Determining if a list (array) has duplicate elements in Python

Money and Business

The following is a description of how to determine if a list (array) has duplicate elements (all elements are unique/unique) in Python, for each of the following cases.

  • For a list with no list in the element
  • For lists with lists of elements (two-dimensional arrays, lists of lists, etc.)

See the following article on how to remove or extract duplicate elements from a list.

Note that lists can store different types of data and are strictly different from arrays. If you want to handle arrays in processes that require memory size and memory addresses or numerical processing of large data, use array (standard library) or NumPy.

Determine if there are duplicate elements in the list (if the element has no list)

If the element does not have an updatable object such as a list, use the constructor set() of the set set type.

The set type is a data type that has no duplicate elements. When a list is passed to the constructor set(), duplicate values are ignored and an object of type set with only unique values as elements is returned.

The number of elements in this set type object and the original list are obtained and compared using the built-in function len().

  • If the number of elements is equal, there are no duplicate elements in the original list
  • Duplicate elements are included in the original list if the number of elements is different

Functions that return false if there are no duplicate elements and true if there are duplicate elements are as follows

def has_duplicates(seq):
    return len(seq) != len(set(seq))

l = [0, 1, 2]
print(has_duplicates(l))
# False

l = [0, 1, 1, 2]
print(has_duplicates(l))
# True

The example is a list, but the same function can be used with tuples.

Mutable (updatable) objects such as lists cannot be elements of type set. Therefore, lists with lists as elements (two-dimensional arrays, lists of lists, etc.) will result in a TypeError. The countermeasure is shown below.

l_2d = [[0, 1], [1, 1], [0, 1], [1, 0]]
# print(has_duplicates(l_2d))
# TypeError: unhashable type: 'list'

Determine if there are duplicate elements in the list (if the element has a list)

In the case of a list with a list of elements (such as a list of lists), the following functions can be used to determine if there are duplicate elements.

def has_duplicates2(seq):
    seen = []
    unique_list = [x for x in seq if x not in seen and not seen.append(x)]
    return len(seq) != len(unique_list)

l_2d = [[0, 0], [0, 1], [1, 1], [1, 0]]
print(has_duplicates2(l_2d))
# False

l_2d = [[0, 0], [0, 1], [1, 1], [1, 1]]
print(has_duplicates2(l_2d))
# True

Instead of set(), the list comprehension notation generates a list whose elements are only unique values, and the number of elements is compared. See the following article for details.

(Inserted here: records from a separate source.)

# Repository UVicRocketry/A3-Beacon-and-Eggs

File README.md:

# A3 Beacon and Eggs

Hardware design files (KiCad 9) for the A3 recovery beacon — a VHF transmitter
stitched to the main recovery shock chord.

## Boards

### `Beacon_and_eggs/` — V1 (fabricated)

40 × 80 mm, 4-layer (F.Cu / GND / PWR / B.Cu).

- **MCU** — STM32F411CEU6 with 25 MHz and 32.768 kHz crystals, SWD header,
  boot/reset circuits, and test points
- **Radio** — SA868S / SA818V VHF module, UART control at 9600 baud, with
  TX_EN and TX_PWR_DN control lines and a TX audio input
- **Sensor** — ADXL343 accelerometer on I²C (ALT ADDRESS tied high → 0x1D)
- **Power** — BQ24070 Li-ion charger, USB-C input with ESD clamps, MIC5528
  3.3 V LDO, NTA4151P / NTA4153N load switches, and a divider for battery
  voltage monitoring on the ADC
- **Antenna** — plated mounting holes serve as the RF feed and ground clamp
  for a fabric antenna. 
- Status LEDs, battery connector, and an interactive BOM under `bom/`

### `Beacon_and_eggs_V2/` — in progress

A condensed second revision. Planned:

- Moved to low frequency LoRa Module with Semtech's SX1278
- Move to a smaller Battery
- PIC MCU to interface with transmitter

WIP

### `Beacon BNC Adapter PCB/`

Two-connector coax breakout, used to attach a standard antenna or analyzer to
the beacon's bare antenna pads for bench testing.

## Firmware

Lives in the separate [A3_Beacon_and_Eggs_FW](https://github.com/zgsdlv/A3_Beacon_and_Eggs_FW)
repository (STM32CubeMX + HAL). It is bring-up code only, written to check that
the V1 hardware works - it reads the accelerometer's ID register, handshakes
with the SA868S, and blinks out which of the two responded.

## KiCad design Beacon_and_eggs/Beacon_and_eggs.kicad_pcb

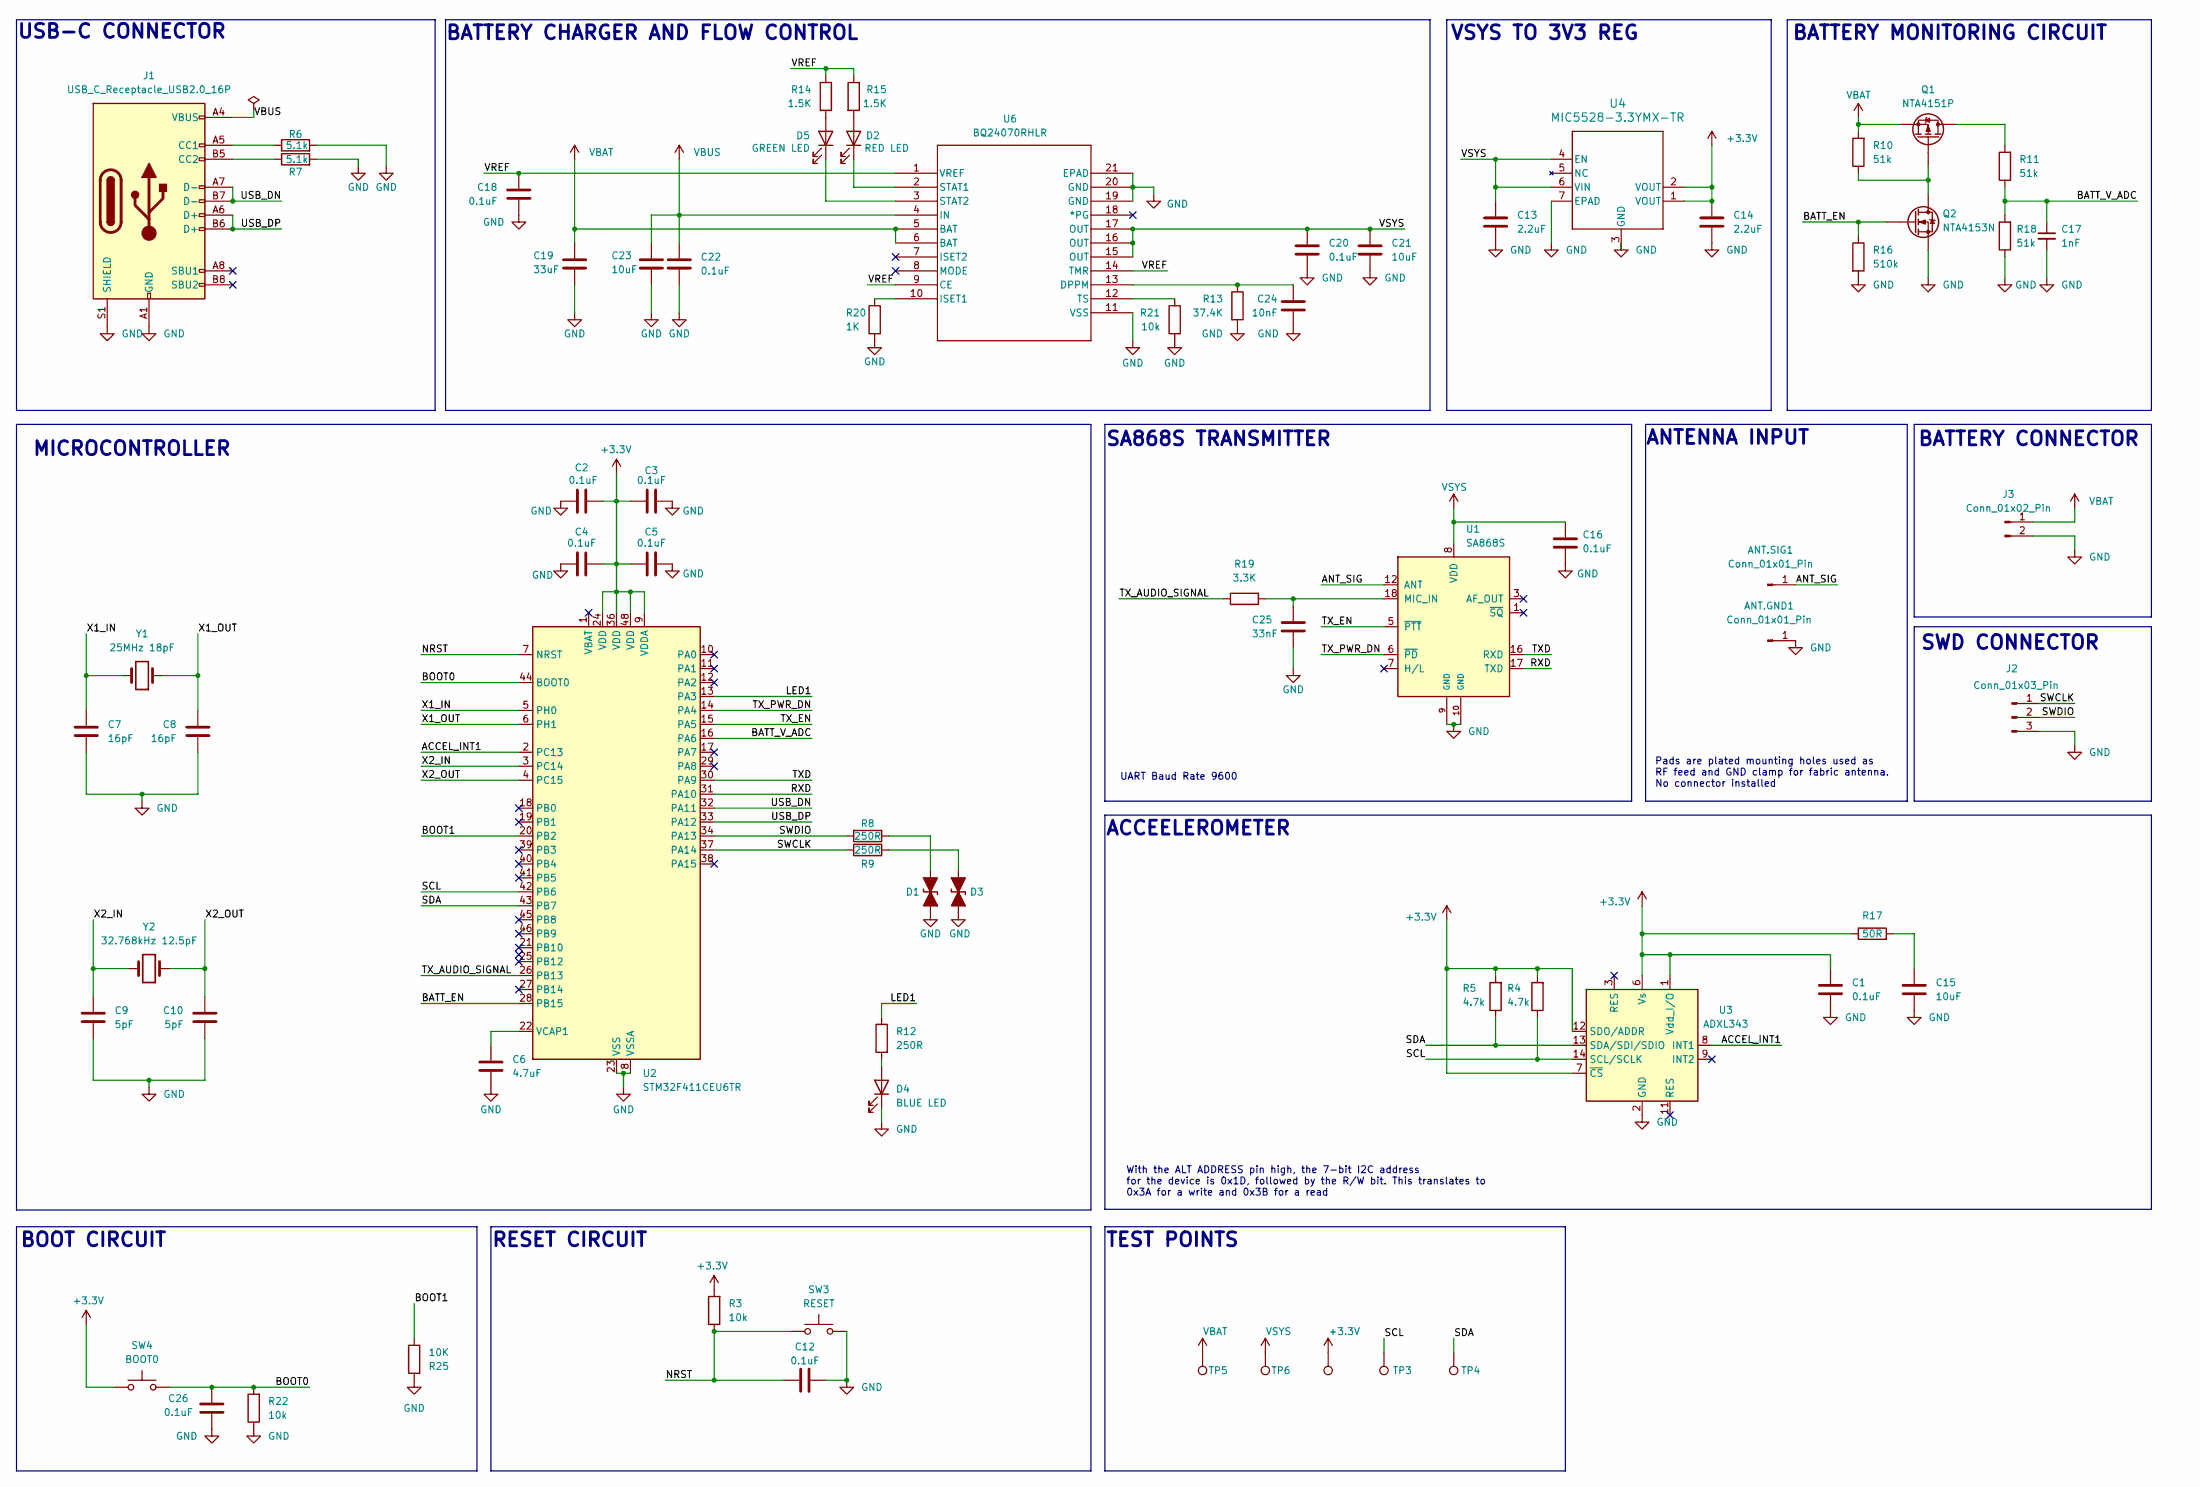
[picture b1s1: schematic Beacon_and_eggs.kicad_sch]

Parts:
3V3: 3V3; TestPoint_THTPad_D1.5mm_Drill0.7mm
ANT.GND1, ANT.SIG1: Conn_01x01_Pin; MountingHole_3.2mm_M3_DIN965_Pad_TopBottom
C1, C12, C16, C18, C20, C22, C26: 0.1uF; C_0402_1005Metric; DigiKey_Part_Number C0402C104K4RACTU
C2, C3, C4, C5: 0.1uF; C_0201_0603Metric; DigiKey_Part_Number GRM033C71C104KE14D
C6: 4.7uF; C_0201_0603Metric; DigiKey_Part_Number GRM035R60J475ME15J
C7, C8: 16pF; C_0402_1005Metric; DigiKey_Part_Number GJM1555C1H160FB01J
C9, C10: 5pF; C_0402_1005Metric; DigiKey_Part_Number GRM1555C1H5R0BA01D
C13, C14: 2.2uF; C_0402_1005Metric; DigiKey_Part_Number GRM155C80J225KE95D
C15, C21, C23: 10uF; C_0402_1005Metric; DigiKey_Part_Number GRM155R61A106ME11D
C17: 1nF; C_0402_1005Metric; Digikey Part Number 1292-1621-1-ND
C19: 33uF; C_0402_1005Metric; DigiKey_Part_Number GRM155R60J156ME15D
C24: 10nF; C_0402_1005Metric; DigiKey_Part_Number GRM155R71C103KA01D
C25: 33nF; C_0402_1005Metric; DigiKey_Part_Number C0402C333J4RACTU
D1, D3: UCLAMP3311P.TCT; D_0402_1005Metric; Manufacturer Part Number UCLAMP3311P.TCT; Digikey Part Number UCLAMP3311PCT-ND
D2: RED LED; LED_0402_1005Metric; DigiKey_Part_Number SML-D12U1WT86
D4: BLUE LED; LED_0805_2012Metric; DigiKey_Part_Number 150080BS75000
D5: GREEN LED; LED_0402_1005Metric; DigiKey_Part_Number 150060GS75000
J1: USB_C_Receptacle_USB2.0_16P; USB_C_Receptacle_GCT_USB4105-xx-A_16P_TopMnt_Horizontal; DigiKey_Part_Number USB4215-03-A
J2: Conn_01x03_Pin; PinHeader_1x03_P2.54mm_Vertical
J3: Conn_01x02_Pin; JST_XH_S2B-XH-A_1x02_P2.50mm_Horizontal
Q1: NTA4151P; SOT50P160X90-3N; Manufacturer Part Number NTA4151PT1G; Digikey Part Number NTA4151PT1GOSCT-ND
Q2: NTA4153N; SOT50P160X90-3N; Manufacturer Part Number NTA4153NT1G; Digikey Part Number NTA4153NT1GOSCT-ND
R3, R21, R22: 10k; R_0402_1005Metric; DigiKey_Part_Number RMCF0402FT10K0
R4, R5: 4.7k; R_0402_1005Metric; DigiKey_Part_Number RC0402JR-074K7L
R6, R7: 5.1k; R_0402_1005Metric; DigiKey_Part_Number RC0402FR-075K1L
R8, R9, R12: 250R; R_0402_1005Metric; DigiKey_Part_Number RE0402BRE07250RL
R10, R11, R18: 51k; R_0402_1005Metric; Digikey Part Number 311-51.0KMCT-ND
R13: 37.4K; R_0402_1005Metric; DigiKey_Part_Number ERJ-2RKF3742X
R14, R15: 1.5K; R_0402_1005Metric; DigiKey_Part_Number RC0402FR-071K5L
R16: 510k; R_0402_1005Metric; Digikey Part Number YAG2713CT-ND
R17: 50R; R_0402_1005Metric; DigiKey_Part_Number RT0402BRE0750RL
R19: 3.3K; R_0402_1005Metric; DigiKey_Part_Number ERA-2AEB332X
R20: 1K; R_0402_1005Metric; DigiKey_Part_Number RC0402FR-071KL
R25: 10K; R_0402_1005Metric; DigiKey_Part_Number RMCF0402FT10K0
SW3: RESET; SW_SPST_PTS810; DigiKey_Part_Number PTS810SJK250SMTR LFS
SW4: BOOT0; SW_SPST_PTS810; DigiKey_Part_Number PTS810SJK250SMTR LFS
TP3: SCL; TestPoint_THTPad_D1.5mm_Drill0.7mm
TP4: SDA; TestPoint_THTPad_D1.5mm_Drill0.7mm
TP5: VBAT; TestPoint_THTPad_D1.5mm_Drill0.7mm
TP6: VSYS; TestPoint_THTPad_D1.5mm_Drill0.7mm
U1: SA868S; VHF_UHF_Module_generic; DigiKey_Part_Number SA868S
U2: STM32F411CEU6TR; QFN-48-1EP_7x7mm_P0.5mm_EP5.6x5.6mm; DigiKey_Part_Number STM32F411CEU6TR
U3: ADXL343; LGA-14_3x5mm_P0.8mm_LayoutBorder1x6y; DigiKey_Part_Number ADXL343BCCZ-RL7
U4: MIC5528-3.3YMX-TR; XTDFN6_1P2X1P2_MCH; DigiKey_Part_Number MIC5528-3.3YMX-TR
U6: BQ24070RHLR; RHL20_2P05X3P05; PARTREV 4219071/A 05/2017; DigiKey_Part_Number 296-19652-1-ND
Y1: 25MHz 18pF; Crystal_SMD_Abracon_ABM8G-4Pin_3.2x2.5mm; DigiKey_Part_Number ABM3-25.000MHZ-D2Y-T
Y2: 32.768kHz 12.5pF; Crystal_SMD_EuroQuartz_EQ161-2Pin_3.2x1.5mm; DigiKey_Part_Number 12.87167

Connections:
+3.3V: 3V3.1 (1_1), C1.1, C2.2, C3.1, C4.2, C5.1, C14.1, R3.2, R4.2, R5.2, R17.1, SW4.3 (B), SW4.4 (B), U2.9 (VDDA), U2.24 (VDD), U2.36 (VDD), U2.48 (VDD), U3.1 (Vdd_I/O), U3.6 (Vs), U3.7 (~CS), U3.12 (SDO/ADDR), U4.1 (VOUT), U4.2 (VOUT)
/ACCEL_INT1: U2.2 (PC13), U3.8 (INT1)
/ANT_SIG: ANT.SIG1.1 (Pin_1_1), U1.12 (ANT)
/BATT_EN: Q2.1 (G), R16.1, U2.28 (PB15)
/BATT_V_ADC: C17.1, R11.1, R18.2, U2.16 (PA6)
/BOOT0: C26.1, R22.2, SW4.1 (A), SW4.2 (A), U2.44 (BOOT0); also elsewhere on the board
/BOOT1: R25.2, U2.20 (PB2)
/LED1: R12.1, U2.13 (PA3)
/NRST: C12.1, R3.1, SW3.1 (A), SW3.2 (A), U2.7 (NRST); also elsewhere on the board
/RXD: U1.17 (TXD), U2.31 (PA10)
/SCL: R4.1, TP3.1 (1_1), U2.42 (PB6), U3.14 (SCL/SCLK)
/SDA: R5.1, TP4.1 (1_1), U2.43 (PB7), U3.13 (SDA/SDI/SDIO)
/SWCLK: J2.1, R9.1, U2.37 (PA14)
/SWDIO: J2.2, R8.2, U2.34 (PA13)
/TXD: U1.16 (RXD), U2.30 (PA9)
/TX_AUDIO_SIGNAL: R19.1, U2.26 (PB13)
/TX_EN: U1.5 (~PTT), U2.15 (PA5)
/TX_PWR_DN: U1.6 (~PD), U2.14 (PA4)
/USB_DN: J1.A7 (D-), J1.B7 (D-), U2.32 (PA11)
/USB_DP: J1.A6 (D+), J1.B6 (D+), U2.33 (PA12)
/VREF: C18.1, R14.1, R15.1, U6.1 (VREF), U6.9 (CE), U6.14 (TMR)
/X1_IN: C7.2, U2.5 (PH0), Y1.2
/X1_OUT: C8.2, U2.6 (PH1), Y1.1
/X2_IN: C9.2, U2.3 (PC14), Y2.2
/X2_OUT: C10.2, U2.4 (PC15), Y2.1
GND: ANT.GND1.1 (Pin_1_1), C1.2, C2.1, C3.2, C4.1, C5.2, C6.1, C7.1, C8.1, C9.1, C10.1, C12.2, C13.2, C14.2, C15.2, C16.2, C17.2, C18.2, C19.2, C20.2, C21.2, C22.2, C23.2, C24.2, C25.2, C26.2, D1.1 (A1), D3.1 (A1), D4.1 (K), J1.A1 (GND), J1.A12 (GND), J1.B1 (GND), J1.B12 (GND), J1.S1 (SHIELD), J1.SH, J2.3, J3.2, Q2.2 (S), R6.2, R7.2, R13.2, R16.2, R18.1, R20.2, R21.2, R22.1, R25.1, SW3.3 (B), SW3.4 (B), U1.9 (GND), U1.10 (GND), U2.8 (VSSA), U2.23 (VSS), U2.35 (VSS), U2.47 (VSS), U2.49 (VSS), U3.2 (GND), U3.4 (GND), U3.5 (GND), U4.3 (GND), U4.7 (EPAD), U6.11 (VSS), U6.19 (GND), U6.20 (GND), U6.21 (EPAD), U6.V
unnamed: C15.1, R17.2
unnamed: D1.2 (A2), R8.1
unnamed: D2.2 (A), R15.2
unnamed: D2.1 (K), U6.2 (STAT1)
unnamed: D3.2 (A2), R9.2
unnamed: D4.2 (A), R12.2
unnamed: D5.2 (A), R14.2
unnamed: D5.1 (K), U6.3 (STAT2)
unnamed: J1.A5 (CC1), R6.1
unnamed: J1.B5 (CC2), R7.1
unnamed: Q1.3 (D1), Q1.8 (D1), R11.2
unnamed: Q1.1 (G1), Q2.3 (D), R10.1
unnamed: C25.1, R19.2, U1.18 (MIC_IN)
unnamed: C6.2, U2.22 (VCAP1)
unnamed: C24.1, R13.1, U6.13 (DPPM)
unnamed: R20.1, U6.10 (ISET1)
unnamed: R21.1, U6.12 (TS)
VBAT: C19.1, J3.1, Q1.2 (S1), R10.2, TP5.1 (1_1), U6.5 (BAT), U6.6 (BAT)
VBUS: C22.1, C23.1, J1.A4 (VBUS), J1.A9 (VBUS), J1.B4 (VBUS), J1.B9 (VBUS), U6.4 (IN)
VSYS: C13.1, C16.1, C20.1, C21.1, TP6.1 (1_1), U1.8 (VDD), U4.4 (EN), U4.6 (VIN), U6.15 (OUT), U6.16 (OUT), U6.17 (OUT)

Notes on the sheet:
BATTERY CONNECTOR
SWD CONNECTOR
RESET CIRCUIT
BOOT CIRCUIT
TEST POINTS
VSYS TO 3V3 REG
SA868S TRANSMITTER
With the ALT ADDRESS pin high, the 7-bit I2C address for the device is 0x1D, followed by the R/W bit. This translates to 0x3A for a write and 0x3B for a read
BATTERY CHARGER AND FLOW CONTROL
USB-C CONNECTOR
Pads are plated mounting holes used as RF feed and GND clamp for fabric antenna. No connector installed
UART Baud Rate 9600
ACCEELEROMETER
ANTENNA INPUT
BATTERY MONITORING CIRCUIT
MICROCONTROLLER

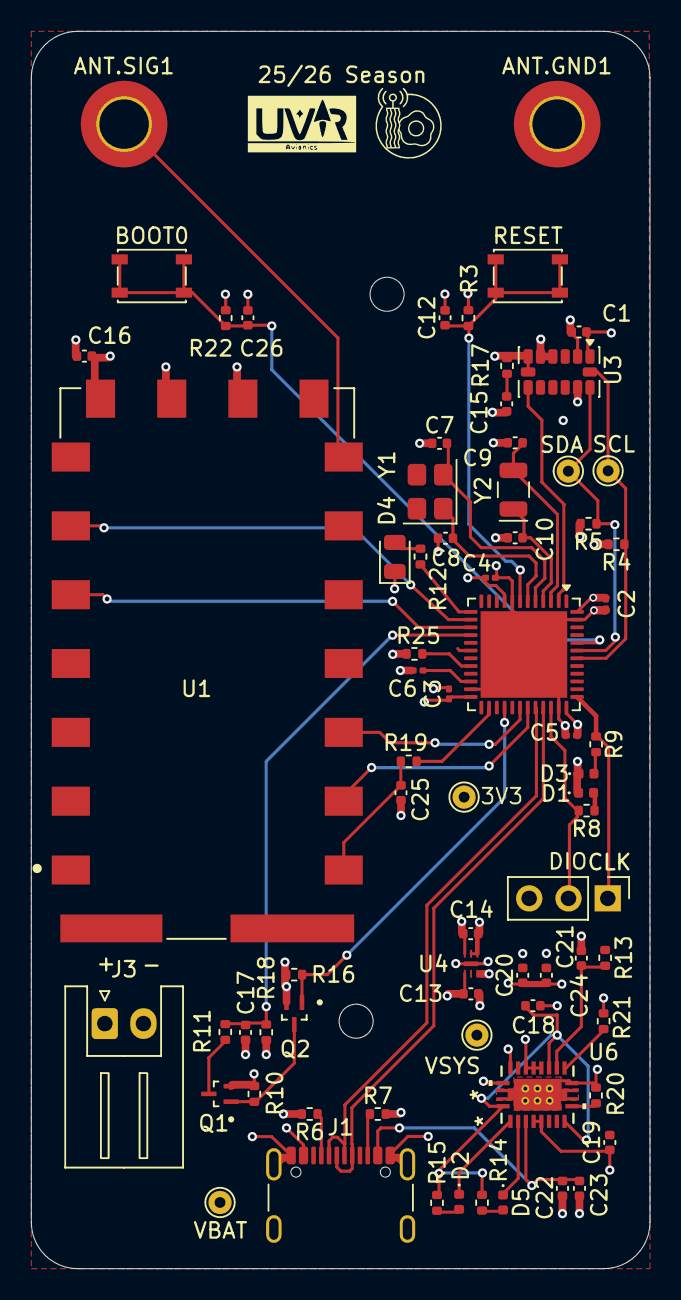
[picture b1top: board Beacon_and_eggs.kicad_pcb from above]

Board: 4 copper layers, 40.0 x 80.0 mm, 72 parts (0 on the bottom side), 46 nets.

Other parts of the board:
BOOT0: BOOT0; SW_SPST_PTS810
RESET: RESET; SW_SPST_PTS810

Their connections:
/BOOT0: BOOT0.1 (A), BOOT0.2 (A); also elsewhere on the board
/NRST: RESET.1 (A), RESET.2 (A); also elsewhere on the board

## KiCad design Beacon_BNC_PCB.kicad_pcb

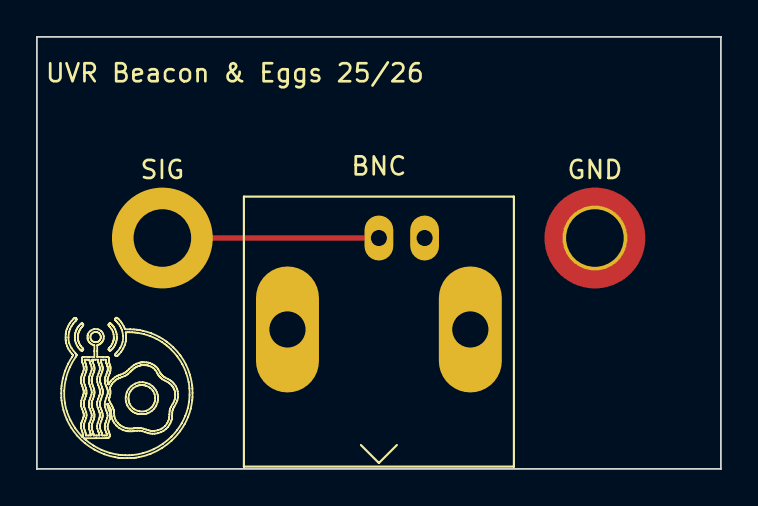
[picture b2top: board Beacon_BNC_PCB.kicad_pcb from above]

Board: 2 copper layers, 38.0 x 24.0 mm, 3 parts (0 on the bottom side), 2 nets.

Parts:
BNC: Conn_Coaxial; BNC_Amphenol_B6252HB-NPP3G-50_Horizontal
GND: MountingHole_3.2mm_M3_DIN965_Pad_TopBottom
SIG: MountingHole_3.2mm_M3_DIN965_Pad_TopBottom

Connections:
/GND: BNC.2 (Ext), GND.1
/RF_IN: BNC.1 (In), SIG.1

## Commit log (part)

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2025-10-26 initial commit, adding BNC Adapter PCBfolder.
2025-10-26 added folder
2025-10-28 increased trace width to .36 and added gerber files
2025-11-25 Uploading KiCAD files
    Yeet
2025-11-26 Reorganization
    Whoot (reorganized the placement of the newly added voltage circuitry, SA868, and ADXL343)
2026-01-13 Reformatted Schematic Layout
    cool beans
2026-01-14 Implemented new boost/buck converter
2026-01-14 Buzzer, USB, and Documentation
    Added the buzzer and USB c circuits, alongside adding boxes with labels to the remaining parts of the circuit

This function is also valid for lists that do not have a list of elements.

l = [0, 1, 2]
print(has_duplicates2(l))
# False

l = [0, 1, 1, 2]
print(has_duplicates2(l))
# True

The example so far is the determination of whether the list of elements is duplicated (contains the same list).

Whether the elements of each list overlap can be determined after flattening the original list to one dimension.

l_2d = [[0, 1], [2, 3]]
print(sum(l_2d, []))
# [0, 1, 2, 3]

print(has_duplicates(sum(l_2d, [])))
# False

l_2d = [[0, 1], [2, 0]]
print(has_duplicates(sum(l_2d, [])))
# True

Here, sum() is used to flatten the list, but itertools.chain.from_iterable() can also be used. In addition, when flattening a list of three or more dimensions, it is necessary to define a new function.